Pros: Lots of nice features. Clear, easy-to-read display.
Cons: Only works some of the time, definitely not an acceptable trait in a speedometer.
Having recently gotten serious about bike-riding, it was time to get something to help me keep track of time, distance, and speed. I quickly learned that bicycle speedometers come in two varieties - wired and wireless. Not wanting to mess around with wires, the choice was a simple one for me. Thus I ended up with the Bell FreeFit Wireless Speedometer.
I was thrilled, at first. It's an inexpensive unit (around $20), and has many features. Installation was pretty quick, and the initial setup was a breeze. But my unit is going back to the store for one simple reason. It doesn't work consistently.
The basic process is to install a magnet to a spoke on the front wheel, and a sensor onto the frame of the bike, near the magnet. Every time the wheel turns, the magnet goes past the sensor, and one revolution is counted. The information is transmitted to the read-out computer which is attached to the handlebars.
Installation is a snap, if you know what you're doing. But it's pretty easy to make a mistake, whereby the magnet and sensor are not aligned properly. The magnet has to be facing out. And the metal side of the sensor has to be facing the magnet. The good news is that it's easy to adjust the pieces, and to test the connection. Simply spin the front wheel and look at the computer screen. If you see data changing, you know it's working properly.
Attaching the computer to the handlebars is also a simple matter. Just make sure you put it at an angle such that you can easily read it when riding.
When working with a wireless system, you have to worry about the wireless data exchange between the sensor and the display. If your bike is such that your handle bars are too far away from your front tire, you might have problems. But for most bikes, this shouldn't be a problem.

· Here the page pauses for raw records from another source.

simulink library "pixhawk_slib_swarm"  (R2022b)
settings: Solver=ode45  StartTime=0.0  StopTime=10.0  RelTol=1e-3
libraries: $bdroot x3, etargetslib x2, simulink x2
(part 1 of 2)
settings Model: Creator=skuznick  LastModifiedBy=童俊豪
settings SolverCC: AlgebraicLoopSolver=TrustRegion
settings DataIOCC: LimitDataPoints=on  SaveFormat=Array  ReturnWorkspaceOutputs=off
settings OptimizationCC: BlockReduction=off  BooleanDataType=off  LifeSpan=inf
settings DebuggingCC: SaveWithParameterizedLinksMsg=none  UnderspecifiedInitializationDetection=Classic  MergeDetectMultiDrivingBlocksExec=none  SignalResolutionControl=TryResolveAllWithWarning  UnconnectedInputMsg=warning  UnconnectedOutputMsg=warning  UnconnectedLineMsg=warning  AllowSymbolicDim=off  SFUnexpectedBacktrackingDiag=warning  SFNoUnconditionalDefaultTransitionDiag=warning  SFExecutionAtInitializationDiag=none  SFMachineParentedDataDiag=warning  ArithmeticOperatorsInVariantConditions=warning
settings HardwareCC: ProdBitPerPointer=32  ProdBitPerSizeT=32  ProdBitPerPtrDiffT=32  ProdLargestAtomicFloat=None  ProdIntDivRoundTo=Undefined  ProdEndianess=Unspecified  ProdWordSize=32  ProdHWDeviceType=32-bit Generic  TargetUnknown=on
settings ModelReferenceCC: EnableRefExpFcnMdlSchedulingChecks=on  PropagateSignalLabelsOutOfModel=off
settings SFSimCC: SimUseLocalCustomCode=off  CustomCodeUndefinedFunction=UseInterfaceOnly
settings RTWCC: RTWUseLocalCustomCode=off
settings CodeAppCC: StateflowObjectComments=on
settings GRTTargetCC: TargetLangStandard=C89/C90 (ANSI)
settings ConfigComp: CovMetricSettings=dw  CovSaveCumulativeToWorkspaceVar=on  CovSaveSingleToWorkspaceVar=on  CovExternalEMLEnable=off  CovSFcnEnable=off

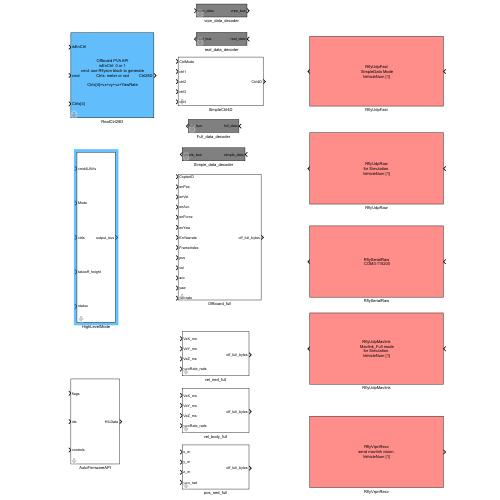
[thumbnail: Simulink's stored preview of the top-level diagram]
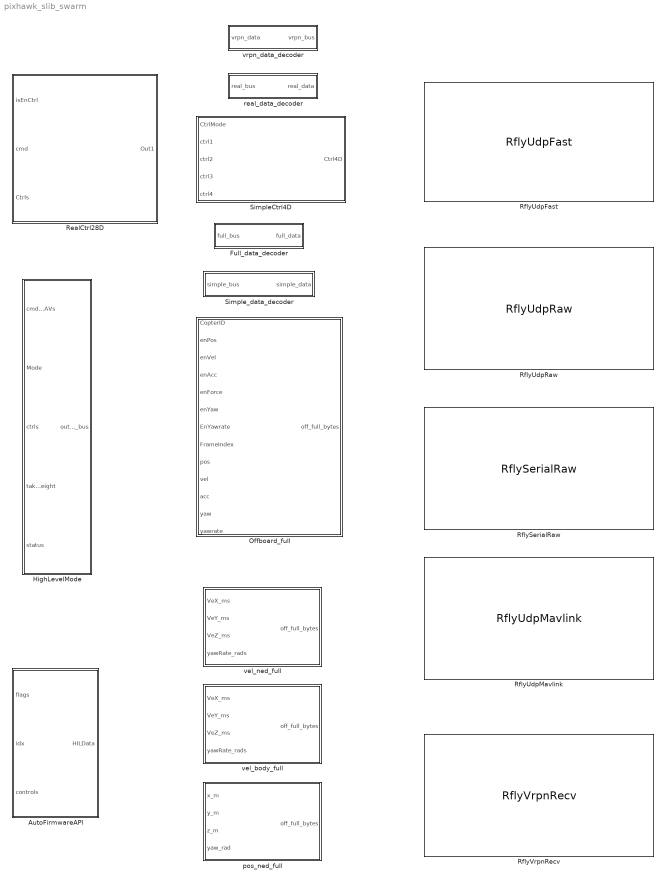
== system pixhawk_slib_swarm ==
  AutoFirmwareAPI : Subsystem  mask(AutoFirmwareAPI){}
      mask help:
      | This model is designed to generate 28 dims data for uav control with auto generated PX4  firmware by MATLAB.
      | The input data is to describe hil_actuator_controls, which has following meanings:
      | flags--user defined,  just keep sending and parsing consistent.
      | idx--for support more information, idx=0, treated as rfly_ctrl; idx=1, treated as rfly_ctrl1;idx=2, treated as rfly_ctrl2.
      | controls--detail imformation,can be control law or obstacle imformation.
      mask Help: eval('sharedhelp(''AutoFirmwareAPI'')');
  Full_data_decoder : Subsystem
      mask Help: eval('sharedhelp(''Full_data_decoder'')');
      mask DialogControl Control2 Prompt: (Add text here)
  HighLevelMode : Subsystem
      mask help:
      | Mode Control.
      |
      | 1 cmdUAVs should generate by "offical RflySim team" cmdUAVs "Rotary Switch".
      | 2   Mode will be explained as follows:
      |     Mode==1, x+y+z+yaw
      |     Mode==2, vx+vy+vz+yawrate
      |     Mode==3, accx+accy+accz+yawrate
      |     others, not supported
      | 3 ctrls only use first 4 elements and is described in local NED frame.
      | 4 takeoff_height, takeoff height.
      | 5 status means whether self check is passed, if not use, set true. Nothing will be send when status==false.
      mask Help: eval('sharedhelp(''HighLevelMode'')');
  Offboard_full : Subsystem
      mask Help: eval('sharedhelp(''Offboard_full'')');
      mask DialogControl Control2 Prompt: (Add text here)
  RealCtrl28D : Subsystem  mask{isX=off, isY=off, isZ=off, isVx=on, isVy=on, isVz=on, isAx=off, isAy=off, isAz=off, isYaw=off, isYawRate=on, EnIdxList=[1], isRcc=off, isForce=off, SamTime=-1}
      mask prompts: isX "x"; isY "y"; isZ "z"; isVx "vx"; isVy "vy"; isVz "vz"; isAx "ax"; isAy "ay"; isAz "az"; isYaw "yaw"; isYawRate "yawrate"; EnIdxList "mapList"; isRcc "Simulate Rcc Direct"; isForce "Enable Force"; SamTime "Sample Time (s)"
      mask help:
      | You can check the channels and prepare an input signal Ctrls with dimension and sequence corresponding to the of the checked channels.
      |
      | This Block enable offboard control for x y z vx vy vz ax ay az yaw yawrate，and support simulated Rcc direct control.
      |
      | # NED local world frame
      | x,y,z: position # in meters
      | Vx,Vy,Vz: velocity # in meters/second
      | Ax,Ay,Az: acceleration # in meters/second^2
      | yaw: euler angle of desired attitude in radians -PI..+PI
      | yawspeed: angular velocity around NED frame z-axis in radians/second
      |
      | In configuration page:
      | If "Simulate Rcc Direct" is checked, the module will send rcc signals to vehicle,  with relationship [vx, vy, vz, yawrate]->[ch1, ch2, ch3, ch4]. The user's [vx, vy, vz, yawrate] just in range [-1, 1], the block will map it to [1000-2000] automatically.
      | If "Enable Force" is checked, [ax, ay, az] will be treated as force.
      mask init:
      | SamTime=double(SamTime);
      mask Help: eval('sharedhelp(''RealCtrl28D'')');
      mask DialogControl Control2 Prompt: Select channels to control
      mask DialogControl Container3 Prompt: Option Functions
      mask Display:
      | nameList=["x";"y";"z";"vx";"vy";"vz";"ax";"ay";"az";"Yaw";"YawRate"];
      | nameList2=["isX";"isY";"isZ";"isVx";"isVy";"isVz";"isAx";"isAy";"isAz";"isYaw";"isYawRate"];
      | 
      | idx=0;
      | DispName='';
      | for i=1:length(nameList2)
      |     str0=char(nameList2(i));
      |     if strcmp(get_param(gcb,str0),'on') == true
      |         idx=idx+1;
      |         if idx==1
      |             DispName=[DispName,'',char(nameList(i))];
      |         else
      |             DispName=[DispName,'+',char(nameList(i))];
      |         end
      | 
      |         if mod(idx,4)==0
      |             DispName=[DispName,'\n'];
      |         end
      |     end
      | end
      | 
      | 
      | port_label('input', 1, 'isEnCtrl');
      | port_label('input', 2, 'cmd');
      | port_label('input', 3, ['Ctrls[',num2str(idx),']']);
      | port_label('output', 1, 'Ctrl28D');
      | 
      | fprintf(['Offboard PVA API\n isEnCtrl: 0 or 1 \n cmd: use Rflysim block to generate \n Ctrls: meter or rad \n\n','Ctrls[',num2str(idx),']=',DispName]);
      | 
      | set_param([gcb,'/isEnCtrl'],'PortDimensions',num2str(1));
      | set_param([gcb,'/cmd'],'PortDimensions',num2str(1));
      | set_param([gcb,'/Ctrls'],'PortDimensions',num2str(idx));
      | %set_param([gcb,'/OffboardAdvCtrlAPI'],'PortDimensions',num2str(idx));
  RflySerialRaw : S-Function  FunctionName=RflySerialRaw  Parameters=portname,baud,T  SFunctionDeploymentMode=off  EnableBusSupport=off  mask(RflySerialFast API){portname=COM3, baud=115200, T=1/30}
      mask prompts: portname "SerialPortName:"; baud "Baudrate or list (e.g., [57600,115200])"; T "Sample Time"
      mask help:
      | This block receives bytes from an serial connection.
      | 1. SerialPortName: Input the name of one pixhawk COM or multiple pixhawk COMs seperated by ','. For example, COM3 or COM3,COM4,COM5
      | 2. SelectAvailablePort: Prompt a window to select one or multiple COM port name
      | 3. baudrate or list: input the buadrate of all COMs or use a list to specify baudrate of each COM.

Once you have the unit installed, you have to do an initial set up. This is as simple as setting a digital watch. There are small buttons on the unit, one to scroll through the available settings, and one to enter your choices.
The first thing you have to enter is a code telling the system what size tire you have. Since accurate data relies on counting revolutions, this is the most important step to get correct. There is a chart in the instruction manual that converts bicycle type (road or mountain) and wheel sizes from 20 to 28 inches into a four digit code that needs to be entered.
After that, there are simple options such as choosing to display miles or kilometers, the preferred format of time, and whether you want to use pounds or kilograms for your weight. (You have to enter your weight in order for the computer to calculate the calories you've burned).
Once you have the computer configured, and you've tested your installation by making sure the revolutions are being counted, you're ready to go.
The computer screen is split into two sections, each with its own information. The upper part of the screen shows your current speed and calories burned. Current speed is measured up to 125 mpg. Why it needs to go that high, I'm not sure. I know I certainly don't need 3 digits in my current speed readout. The calories burned is nothing more than an estimate, and should not be taken too literally. This screen also shows you if your current speed is higher than your average, or lower than your average.
The lower part of the screen shows your trip distance, the trip time, your total odometer, your average speed, your maximum speed, and the clock. But they don't all display at once, you have to choose which you want to see. The timer, distance, calories burned, and average speeds are all tied together. Meaning, resetting one will reset all four.
The screen is easy to read, with fairly large numbers. In certain lights, you'll want to use the backlight feature.
So, why is my unit going back to the store for a refund? Because it didn't work consistently. Oh, it works some of the time. But it doesn't work all of the time. And if you're trying to track your total distance, you need the unit to work all the time.
All seemed like it was working fine. Until I noticed that the current speed would drop to 0 while I was riding. Then it would pop back up to something that looked reasonable. A few minutes later it would show 0 again. Total trips would register as quite a bit lower in total miles than I know I them to be. In other words, at various times, the machine simply stopped reading my speed. I don't know whether the magnet wouldn't read the sensor properly, or if it couldn't send the data up to the computer on the handlebars. Regardless, no matter how many times I moved the pieces around, I would get these intermittent results.
So, I would say this is would be a decent product, if you can get it to work consistently. But my unit's a goner. I'll let you know which brand I try next, and how that one works out.